Tommaso Grassi
antenna 5G

Antenne 5G, Grassi e Verdi: “Serve un piano complessivo del territorio comunale prima di riempire tetti, palazzi e giardini di nuovi impianti. Nell’attesa una moratoria sulle nuove installazioni”

“Ancora più urgente dopo l’accordo con Ferrovie per l’installazione a Santa Maria Novella”

“E’ notizia di queste ore che il gruppo Ferrovie dello Stato ha firmato un accordo con la società controllata dalla TIM che si occupa di realizzare il sistema di infrastrutture del 5G – affermano il Capogruppo Tommaso Grassi e la Consigliera Donella Verdi del gruppo Firenze riparte a sinistra -. Serve un piano complessivo del territorio comunale prima di riempire tetti, palazzi e giardini di nuovi impianti. Nell’attesa una moratoria sulle nuove installazioni. Abbiamo già depositato da qualche settimana un atto di indirizzo alla giunta e la prossima settimana sarà discussa in Commissione, e speriamo possa ricevere l’avvallo del Consiglio entro la fine del mandato”.

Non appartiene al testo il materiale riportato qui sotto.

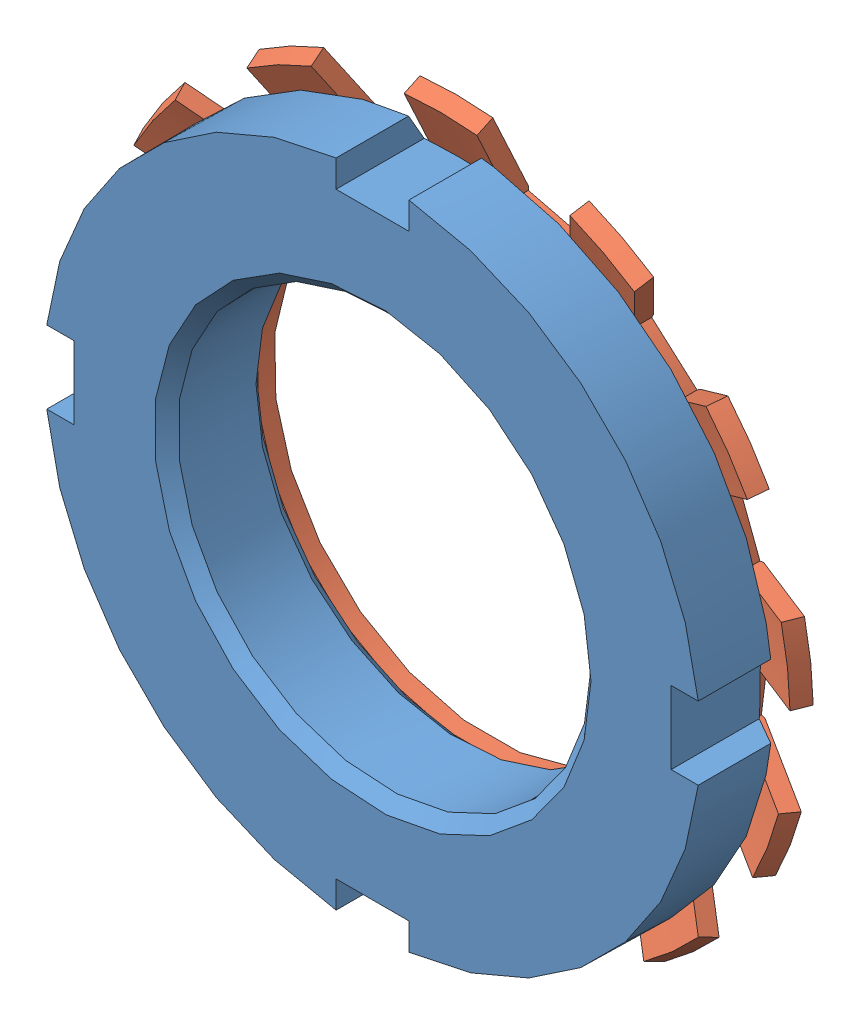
SolidWorks assembly JLNSK30.sldasm, configuration Default (file format 5000). Lengths in mm.
Overall size (48.99 48.76 9.5).
2 component instances, 2 part files, 0 mates.
Components (placement in the parent):
- JLNSK30nut-1: JLNSK30nut.sldprt [Default] at origin size (44.72 44.72 7)
- Washer30w-1: Washer30w.sldprt [Default] at (0 0 -8.2) size (48.99 48.76 4.83)
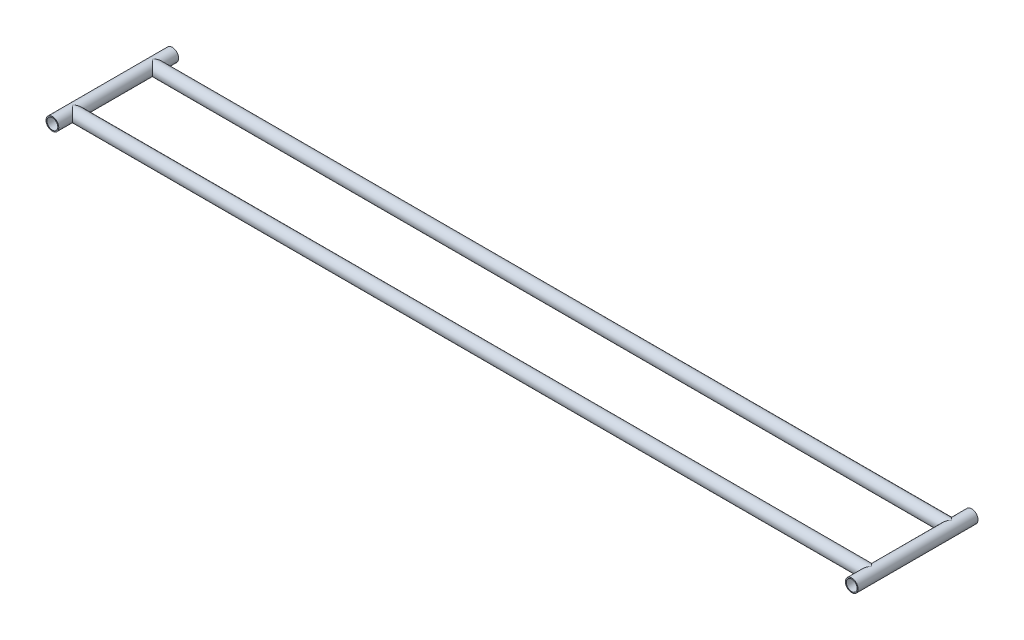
ISO-10303-21;
HEADER;
FILE_DESCRIPTION(('STEP AP214'),'2;1');
FILE_NAME('part.step','',(''),(''),'','','');
FILE_SCHEMA(('AUTOMOTIVE_DESIGN { 1 0 10303 214 1 1 1 1 }'));
ENDSEC;
DATA;
#1=APPLICATION_CONTEXT('core data for automotive mechanical design processes');
#2=APPLICATION_PROTOCOL_DEFINITION('international standard','automotive_design',2000,#1);
#3=PRODUCT_CONTEXT('',#1,'mechanical');
#4=PRODUCT('Part','Part','',(#3));
#5=PRODUCT_RELATED_PRODUCT_CATEGORY('part','',(#4));
#6=PRODUCT_DEFINITION_FORMATION('','',#4);
#7=PRODUCT_DEFINITION_CONTEXT('part definition',#1,'design');
#8=PRODUCT_DEFINITION('design','',#6,#7);
#9=PRODUCT_DEFINITION_SHAPE('','',#8);
#10=(LENGTH_UNIT() NAMED_UNIT(*) SI_UNIT(.MILLI.,.METRE.));
#11=(NAMED_UNIT(*) PLANE_ANGLE_UNIT() SI_UNIT($,.RADIAN.));
#12=(NAMED_UNIT(*) SI_UNIT($,.STERADIAN.) SOLID_ANGLE_UNIT());
#13=UNCERTAINTY_MEASURE_WITH_UNIT(LENGTH_MEASURE(1.E-05),#10,'distance_accuracy_value','');
#14=(GEOMETRIC_REPRESENTATION_CONTEXT(3) GLOBAL_UNCERTAINTY_ASSIGNED_CONTEXT((#13)) GLOBAL_UNIT_ASSIGNED_CONTEXT((#10,
#11,#12)) REPRESENTATION_CONTEXT('',''));
#15=CARTESIAN_POINT('',(0.,0.,0.));
#16=DIRECTION('',(0.,0.,1.));
#17=DIRECTION('',(1.,0.,0.));
#18=AXIS2_PLACEMENT_3D('',#15,#16,#17);
#19=CARTESIAN_POINT('',(0.,0.,-75.));
#20=DIRECTION('',(0.,0.,1.));
#21=DIRECTION('',(1.,0.,0.));
#22=AXIS2_PLACEMENT_3D('',#19,#20,#21);
#23=CYLINDRICAL_SURFACE('',#22,8.);
#24=CARTESIAN_POINT('',(0.,0.,75.));
#25=DIRECTION('',(0.,0.,1.));
#26=DIRECTION('',(1.,0.,0.));
#27=AXIS2_PLACEMENT_3D('',#24,#25,#26);
#28=CIRCLE('',#27,8.);
#29=CARTESIAN_POINT('',(8.,0.,75.));
#30=VERTEX_POINT('',#29);
#31=EDGE_CURVE('E170',#30,#30,#28,.T.);
#32=ORIENTED_EDGE('',*,*,#31,.F.);
#33=EDGE_LOOP('',(#32));
#34=FACE_BOUND('',#33,.T.);
#35=CARTESIAN_POINT('',(0.,0.,-75.));
#36=DIRECTION('',(0.,0.,1.));
#37=DIRECTION('',(1.,0.,0.));
#38=AXIS2_PLACEMENT_3D('',#35,#36,#37);
#39=CIRCLE('',#38,8.);
#40=CARTESIAN_POINT('',(8.,0.,-75.));
#41=VERTEX_POINT('',#40);
#42=EDGE_CURVE('E162',#41,#41,#39,.T.);
#43=ORIENTED_EDGE('',*,*,#42,.T.);
#44=EDGE_LOOP('',(#43));
#45=FACE_BOUND('',#44,.T.);
#46=CARTESIAN_POINT('',(0.,0.,50.));
#47=DIRECTION('',(-0.707106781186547,0.,0.707106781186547));
#48=DIRECTION('',(-0.707106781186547,0.,-0.707106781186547));
#49=AXIS2_PLACEMENT_3D('',#46,#47,#48);
#50=ELLIPSE('',#49,11.3137084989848,8.);
#51=CARTESIAN_POINT('',(0.,8.,50.));
#52=VERTEX_POINT('',#51);
#53=CARTESIAN_POINT('',(0.,-8.,50.));
#54=VERTEX_POINT('',#53);
#55=EDGE_CURVE('E154',#52,#54,#50,.F.);
#56=ORIENTED_EDGE('',*,*,#55,.F.);
#57=CARTESIAN_POINT('',(0.,0.,50.));
#58=DIRECTION('',(-0.707106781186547,0.,-0.707106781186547));
#59=DIRECTION('',(-0.707106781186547,0.,0.707106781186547));
#60=AXIS2_PLACEMENT_3D('',#57,#58,#59);
#61=ELLIPSE('',#60,11.3137084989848,8.);
#62=EDGE_CURVE('E158',#54,#52,#61,.F.);
#63=ORIENTED_EDGE('',*,*,#62,.F.);
#64=EDGE_LOOP('',(#56,#63));
#65=FACE_BOUND('',#64,.T.);
#66=CARTESIAN_POINT('',(0.,0.,-50.));
#67=DIRECTION('',(0.707106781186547,0.,0.707106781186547));
#68=DIRECTION('',(-0.707106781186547,0.,0.707106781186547));
#69=AXIS2_PLACEMENT_3D('',#66,#67,#68);
#70=ELLIPSE('',#69,11.3137084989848,8.);
#71=CARTESIAN_POINT('',(0.,8.,-50.));
#72=VERTEX_POINT('',#71);
#73=CARTESIAN_POINT('',(0.,-8.,-50.));
#74=VERTEX_POINT('',#73);
#75=EDGE_CURVE('E136',#72,#74,#70,.F.);
#76=ORIENTED_EDGE('',*,*,#75,.T.);
#77=CARTESIAN_POINT('',(0.,0.,-50.));
#78=DIRECTION('',(-0.707106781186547,0.,0.707106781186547));
#79=DIRECTION('',(0.707106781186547,0.,0.707106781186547));
#80=AXIS2_PLACEMENT_3D('',#77,#78,#79);
#81=ELLIPSE('',#80,11.3137084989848,8.);
#82=EDGE_CURVE('E177',#74,#72,#81,.T.);
#83=ORIENTED_EDGE('',*,*,#82,.T.);
#84=EDGE_LOOP('',(#76,#83));
#85=FACE_BOUND('',#84,.T.);
#86=ADVANCED_FACE('F42',(#34,#45,#65,#85),#23,.T.);
#87=CARTESIAN_POINT('',(1000.,0.,50.));
#88=DIRECTION('',(-1.,0.,0.));
#89=DIRECTION('',(0.,0.,1.));
#90=AXIS2_PLACEMENT_3D('',#87,#88,#89);
#91=CYLINDRICAL_SURFACE('',#90,8.);
#92=CARTESIAN_POINT('',(1000.,0.,50.));
#93=DIRECTION('',(-0.707106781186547,0.,-0.707106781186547));
#94=DIRECTION('',(-0.707106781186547,0.,0.707106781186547));
#95=AXIS2_PLACEMENT_3D('',#92,#93,#94);
#96=ELLIPSE('',#95,11.3137084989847,7.99999999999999);
#97=CARTESIAN_POINT('',(1000.,-7.99999999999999,50.));
#98=VERTEX_POINT('',#97);
#99=CARTESIAN_POINT('',(1000.,7.99999999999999,50.));
#100=VERTEX_POINT('',#99);
#101=EDGE_CURVE('E97',#98,#100,#96,.T.);
#102=ORIENTED_EDGE('',*,*,#101,.T.);
#103=CARTESIAN_POINT('',(1000.,0.,50.));
#104=DIRECTION('',(-0.707106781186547,0.,0.707106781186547));
#105=DIRECTION('',(-0.707106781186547,0.,-0.707106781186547));
#106=AXIS2_PLACEMENT_3D('',#103,#104,#105);
#107=ELLIPSE('',#106,11.3137084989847,7.99999999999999);
#108=EDGE_CURVE('E64',#100,#98,#107,.T.);
#109=ORIENTED_EDGE('',*,*,#108,.T.);
#110=EDGE_LOOP('',(#102,#109));
#111=FACE_BOUND('',#110,.T.);
#112=ORIENTED_EDGE('',*,*,#62,.T.);
#113=ORIENTED_EDGE('',*,*,#55,.T.);
#114=EDGE_LOOP('',(#112,#113));
#115=FACE_BOUND('',#114,.T.);
#116=ADVANCED_FACE('F44',(#111,#115),#91,.T.);
#117=CARTESIAN_POINT('',(0.,0.,-75.));
#118=DIRECTION('',(0.,0.,1.));
#119=DIRECTION('',(1.,0.,0.));
#120=AXIS2_PLACEMENT_3D('',#117,#118,#119);
#121=PLANE('',#120);
#122=CARTESIAN_POINT('',(0.,0.,-75.));
#123=DIRECTION('',(0.,0.,1.));
#124=DIRECTION('',(1.,0.,0.));
#125=AXIS2_PLACEMENT_3D('',#122,#123,#124);
#126=CIRCLE('',#125,6.75);
#127=CARTESIAN_POINT('',(6.75,0.,-75.));
#128=VERTEX_POINT('',#127);
#129=EDGE_CURVE('E166',#128,#128,#126,.T.);
#130=ORIENTED_EDGE('',*,*,#129,.T.);
#131=EDGE_LOOP('',(#130));
#132=FACE_BOUND('',#131,.T.);
#133=ORIENTED_EDGE('',*,*,#42,.F.);
#134=EDGE_LOOP('',(#133));
#135=FACE_BOUND('',#134,.T.);
#136=ADVANCED_FACE('F145',(#132,#135),#121,.F.);
#137=CARTESIAN_POINT('',(0.,0.,75.));
#138=DIRECTION('',(0.,0.,1.));
#139=DIRECTION('',(1.,0.,0.));
#140=AXIS2_PLACEMENT_3D('',#137,#138,#139);
#141=PLANE('',#140);
#142=ORIENTED_EDGE('',*,*,#31,.T.);
#143=EDGE_LOOP('',(#142));
#144=FACE_BOUND('',#143,.T.);
#145=CARTESIAN_POINT('',(0.,0.,75.));
#146=DIRECTION('',(0.,0.,1.));
#147=DIRECTION('',(1.,0.,0.));
#148=AXIS2_PLACEMENT_3D('',#145,#146,#147);
#149=CIRCLE('',#148,6.75);
#150=CARTESIAN_POINT('',(6.75,0.,75.));
#151=VERTEX_POINT('',#150);
#152=EDGE_CURVE('E174',#151,#151,#149,.T.);
#153=ORIENTED_EDGE('',*,*,#152,.F.);
#154=EDGE_LOOP('',(#153));
#155=FACE_BOUND('',#154,.T.);
#156=ADVANCED_FACE('F269',(#144,#155),#141,.T.);
#157=CARTESIAN_POINT('',(1000.,0.,-50.));
#158=DIRECTION('',(-1.,0.,0.));
#159=DIRECTION('',(0.,0.,1.));
#160=AXIS2_PLACEMENT_3D('',#157,#158,#159);
#161=CYLINDRICAL_SURFACE('',#160,8.);
#162=ORIENTED_EDGE('',*,*,#82,.F.);
#163=ORIENTED_EDGE('',*,*,#75,.F.);
#164=EDGE_LOOP('',(#162,#163));
#165=FACE_BOUND('',#164,.T.);
#166=CARTESIAN_POINT('',(1000.,0.,-50.));
#167=DIRECTION('',(-0.707106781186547,0.,-0.707106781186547));
#168=DIRECTION('',(-0.707106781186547,0.,0.707106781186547));
#169=AXIS2_PLACEMENT_3D('',#166,#167,#168);
#170=ELLIPSE('',#169,11.3137084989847,7.99999999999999);
#171=CARTESIAN_POINT('',(1000.,-7.99999999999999,-50.));
#172=VERTEX_POINT('',#171);
#173=CARTESIAN_POINT('',(1000.,7.99999999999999,-50.));
#174=VERTEX_POINT('',#173);
#175=EDGE_CURVE('E88',#172,#174,#170,.T.);
#176=ORIENTED_EDGE('',*,*,#175,.T.);
#177=CARTESIAN_POINT('',(1000.,0.,-50.));
#178=DIRECTION('',(-0.707106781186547,0.,0.707106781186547));
#179=DIRECTION('',(-0.707106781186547,0.,-0.707106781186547));
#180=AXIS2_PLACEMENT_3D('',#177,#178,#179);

“Si preferisca alle nuove installazioni di antenne che potranno aumentare il numero di impianti della telefonia su tetti, negli immobili e nei giardini di Firenze, la sostituzione degli impianti più vecchi razionalizzando le postazioni, incentivando accordi tra i diversi operatori che possano ridurre numericamente le nuove installazioni. Pochi ma chiari obiettivi per questa innovazione che preoccupa per l’impatto che potrebbe avere in città storiche e vissute come Firenze: ridurre al massimo il numero delle postazioni per i nuovi impianti; riutilizzare le già definite localizzazioni per le antenne già esistenti; valutare la dismissione delle localizzazioni potenzialmente più pericolose per la salute umana; valutare il ridimensionamento fisico delle istallazioni di impianti per la telefonia mobile già presenti. Non chiudiamo le porte alla tecnologia 5G, ma prima di rilasciare singole autorizzazioni, nell’ottica dell’applicazione del principio di precauzione e nelle more dell’approvazione del piano comunale, sarebbe auspicabile sospendere il rilascio di qualsiasi autorizzazione per impianti 5G nel territorio del Comune di Firenze”.

“Non vogliamo ignorare il tema connesso all’inquinamento elettromagnetico e al cosiddetto elettrosmog: certo più antenne verranno installate, più sarà il livello di emissione e più rischi e problematiche potrebbero esserci. Pianificare e programmare l’uso del nostro territorio è un compito anche dell’amministrazione comunale e alla libera iniziativa dei singoli operatori preferiamo dare organicità e definire un piano che sappia gestire fin dall’inizio una novità”.